Look through the listing for the word "DataPortOrder". Copy each line that has it.

• **Dataset records**
%%

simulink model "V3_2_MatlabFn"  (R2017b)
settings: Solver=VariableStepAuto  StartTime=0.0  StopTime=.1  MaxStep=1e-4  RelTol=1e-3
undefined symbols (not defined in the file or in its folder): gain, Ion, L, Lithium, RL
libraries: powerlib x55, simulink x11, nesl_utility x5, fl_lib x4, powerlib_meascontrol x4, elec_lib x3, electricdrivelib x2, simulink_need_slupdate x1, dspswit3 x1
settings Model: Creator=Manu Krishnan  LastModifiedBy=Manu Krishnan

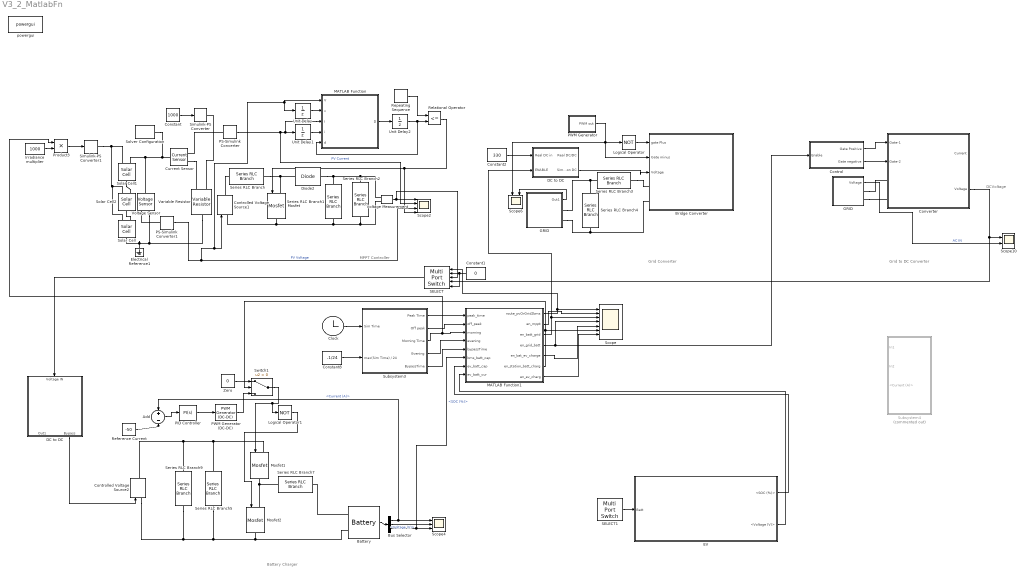
== system V3_2_MatlabFn ==
  note: DCVoltage
  note: Grid Converter
  note: Battery Charger
  note: MPPT Controller
  note: Grid to DC Converter
  Add : Sum  Inputs=+-
  Battery : electricdrivelib/Extra Sources/Battery  BatType=Lithium-Ion  ShowTempParam=off  ThermalPreset=no  ShowAgeParam=on  NomV=300  NomQ=100  SOC=30  Batt_Tr=1  PresetModel=on  MaxQ=100  MinV=225  FullV=349.1961  Dis_rate=43.4783  R=0.03  Normal_OP=90.4348  expZone="[324.1158      4.913043]"  current=[6.5 13 32.5]  Units=Time  Tci=20  NomT=20  T2=-30  MaxQ2=4.8  FullV2=7.1  Normal_OP2=5.655  expZone2="[6.58           1]"  Rca=0.6  ti=2000  Dp=0  Neq0=0  Tsim=1e6  Ta1=25  Qeol=5.4*0.9  Reol=0.013333*1.2  Char_age=[2.3478, 3]  Dis_age=[2.3478, 10]  N1=1500  N2=10500  N3=1000  N4=1400  Ta2=45  N5=950
  Bridge Converter : Subsystem
  Bus Selector : BusSelector  OutputSignals=Current (A),Voltage (V),SOC (%)
  Clock : Clock
  Constant : Constant  Value=1000
  Constant1 : Constant  Value=0
  Constant2 : Constant  Value=330
  Constant8 : Constant  Value=.1/24  VectorParams1D=off
  Control : Subsystem
  Controlled Voltage Source1 : powerlib/Electrical Sources/Controlled Voltage Source  Initialize=on  Source_Type=DC  Amplitude=0  Phase=0  Frequency=0  Measurements=None
  Controlled Voltage Source2 : powerlib/Electrical Sources/Controlled Voltage Source  Initialize=on  Source_Type=DC  Amplitude=0  Phase=0  Frequency=0  Measurements=None
  Converter : Subsystem
  Current Sensor : fl_lib/Electrical/Electrical Sensors/Current Sensor
  DC to DC : Subsystem
  "DC to DC " : Subsystem
  Diode2 : powerlib/Power Electronics/Diode  Ron=0.001  Lon=0  Vf=0.8  IC=0  UseSnubber=0  Rs=500  Cs=250e-9  Measurements=off
  EV : Subsystem
      mask Display: image('C:\Users\Manu Krishnan\Downloads\White-Tesla-Electric-Car-PNG-Free-Download (1).png');
  Electrical Reference1 : fl_lib/Electrical/Electrical Elements/Electrical Reference
  GRID : Subsystem
  "GRID " : Subsystem
  Irradiance multiplier : Constant  Value=1000
  Logical Operator : Logic  Operator=NOT  AllPortsSameDT=off  OutDataTypeStr=boolean
  Logical Operator1 : Logic  Operator=NOT  IconShape=distinctive  AllPortsSameDT=off  OutDataTypeStr=boolean
  MATLAB Function : MATLAB Function  TreatAsAtomicUnit=on
  MATLAB Function1 : MATLAB Function  TreatAsAtomicUnit=on
  Mosfet : powerlib/Power Electronics/Mosfet  Ron=0.1  Lon=0  Rd=0.01  Vfd=0  IC=0  Rs=1e5  Cs=inf  Measurements=off
  Mosfet1 : powerlib/Power Electronics/Mosfet  Ron=0.1  Lon=0  Rd=0.01  Vfd=0  IC=0  Rs=1e5  Cs=inf  Measurements=off
  Mosfet2 : powerlib/Power Electronics/Mosfet  Ron=0.1  Lon=0  Rd=0.01  Vfd=0  IC=0  Rs=1e5  Cs=inf  Measurements=off
  PID Controller : simulink/Continuous/PID Controller  Controller=PI  TimeDomain=Continuous-time  SampleTime=-1  IntegratorMethod=Forward Euler  FilterMethod=Forward Euler  Form=Parallel  UseFilter=on  ControllerParametersSource=internal  P=.005  I=10  D=0  N=100  InitialConditionSource=internal  InitialConditionForIntegrator=0  InitialConditionForFilter=0  ExternalReset=none  LimitOutput=on  UpperSaturationLimit=0.975  LowerSaturationLimit=-inf  LinearizeAsGain=on  AntiWindupMode=none  Kb=1  TrackingMode=off  Kt=1  PParamMin=[]  PParamMax=[]  IParamMin=[]  IParamMax=[]  DParamMin=[]  DParamMax=[]  NParamMin=[]  NParamMax=[]  KbParamMin=[]  KbParamMax=[]  KtParamMin=[]  KtParamMax=[]  POutMin=[]  POutMax=[]  IOutMin=[]  IOutMax=[]  DOutMin=[]  DOutMax=[]  NOutMin=[]  NOutMax=[]  KbOutMin=[]  KbOutMax=[]  KtOutMin=[]  KtOutMax=[]  IntegratorOutMin=[]  IntegratorOutMax=[]  FilterOutMin=[]  FilterOutMax=[]  SumOutMin=[]  SumOutMax=[]  SumI1OutMin=[]  SumI1OutMax=[]  SumI2OutMin=[]  SumI2OutMax=[]  SumI3OutMin=[]  SumI3OutMax=[]  SumDOutMin=[]  SumDOutMax=[]  SaturationOutMin=[]  SaturationOutMax=[]  IntegratorContinuousStateAttributes=''  IntegratorStateMustResolveToSignalObject=off  IntegratorRTWStateStorageClass=Auto  FilterContinuousStateAttributes=''  FilterStateMustResolveToSignalObject=off  FilterRTWStateStorageClass=Auto  DifferentiatorICPrevScaledInput=0  DifferentiatorOutMin=[]  DifferentiatorOutMax=[]  InitialConditionSetting=State (most efficient)  FilterDiffOutCoefMin=[]  FilterDiffOutCoefMax=[]  SumDenOutMin=[]  SumDenOutMax=[]  SumNumOutMin=[]  SumNumOutMax=[]  ReciprocalOutMin=[]  ReciprocalOutMax=[]  DivideOutMin=[]  DivideOutMax=[]  TunerSelectOption=Transfer Function Based (PID Tuner App)
  PS-Simulink Converter : nesl_utility/PS-Simulink Converter  PhysicalDomain=network_engine_domain  SubClassName=ps_output  LeftPortType=input  RightPortType=output  PseudoPeriodic=off  Frequencies=[]  Unit=1  AffineConversion=off
  PS-Simulink Converter1 : nesl_utility/PS-Simulink Converter  PhysicalDomain=network_engine_domain  SubClassName=ps_output  LeftPortType=input  RightPortType=output  PseudoPeriodic=off  Frequencies=[]  Unit=1  AffineConversion=off
  PWM Generator : Subsystem
  PWM Generator (DC-DC) : powerlib_meascontrol/Pulse & Signal Generators/PWM Generator (DC-DC)  Fsw=5000  Ts=5e-6
  Product3 : Product
  Reference Current : Constant  Value=-50
  Relational Operator : RelationalOperator  Operator=<=  OutDataTypeStr=boolean  RndMeth=Simplest
  Repeating Sequence : simulink/Sources/Repeating Sequence  rep_seq_t=[0 0.5 1]/1000  rep_seq_y=[0 1 0]
  SELECT : MultiPortSwitch  DataPortOrder=Zero-based contiguous  DataPortForDefault=Additional data port
  SELECT1 : MultiPortSwitch  DataPortOrder=Zero-based contiguous  DataPortForDefault=Additional data port
  Scope : Scope  NumInputPorts=7
  Scope10 : Scope  NumInputPorts=2
  Scope2 : Scope  NumInputPorts=4
  Scope4 : Scope  NumInputPorts=3
  Scope6 : Scope  NumInputPorts=2
  Series RLC Branch : powerlib/Elements/Series RLC Branch  LConnTagsString=__new0  RConnTagsString=__new0  BranchType=L  Resistance=1  Inductance=1000e-6  SetiL0=off  InitialCurrent=0  Capacitance=1e-6  Setx0=off  InitialVoltage=0  Measurements=None
  Series RLC Branch1 : powerlib/Elements/Series RLC Branch  LConnTagsString=__new0  RConnTagsString=__new0  BranchType=C  Resistance=1  Inductance=100e-3  SetiL0=off  InitialCurrent=0  Capacitance=1000e-6  Setx0=off  InitialVoltage=0  Measurements=None
  Series RLC Branch2 : powerlib/Elements/Series RLC Branch  LConnTagsString=__new0  RConnTagsString=__new0  BranchType=R  Resistance=10  Inductance=100e-3  SetiL0=off  InitialCurrent=0  Capacitance=1e-6  Setx0=off  InitialVoltage=0  Measurements=None
  Series RLC Branch3 : powerlib/Elements/Series RLC Branch  LConnTagsString=__new0  RConnTagsString=__new0  BranchType=L  Resistance=1  Inductance=1e-3  SetiL0=off  InitialCurrent=0  Capacitance=1e-6  Setx0=off  InitialVoltage=0  Measurements=None
  Series RLC Branch4 : powerlib/Elements/Series RLC Branch  LConnTagsString=__new0  RConnTagsString=__new0  BranchType=C  Resistance=1  Inductance=100e-3  SetiL0=off  InitialCurrent=0  Capacitance=100e-6  Setx0=off  InitialVoltage=0  Measurements=None
  Series RLC Branch5 : powerlib/Elements/Series RLC Branch  LConnTagsString=__new0  RConnTagsString=__new0  BranchType=RC  Resistance=0.0001  Inductance=100e-3  SetiL0=off  InitialCurrent=0  Capacitance=1000e-6  Setx0=off  InitialVoltage=0  Measurements=None
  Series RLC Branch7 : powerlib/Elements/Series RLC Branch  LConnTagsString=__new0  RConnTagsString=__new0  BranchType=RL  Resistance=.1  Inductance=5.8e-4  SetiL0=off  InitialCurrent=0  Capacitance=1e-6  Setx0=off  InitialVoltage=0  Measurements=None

%%

• **Answer for this exercise**
  SELECT : MultiPortSwitch  DataPortOrder=Zero-based contiguous  DataPortForDefault=Additional data port
  SELECT1 : MultiPortSwitch  DataPortOrder=Zero-based contiguous  DataPortForDefault=Additional data port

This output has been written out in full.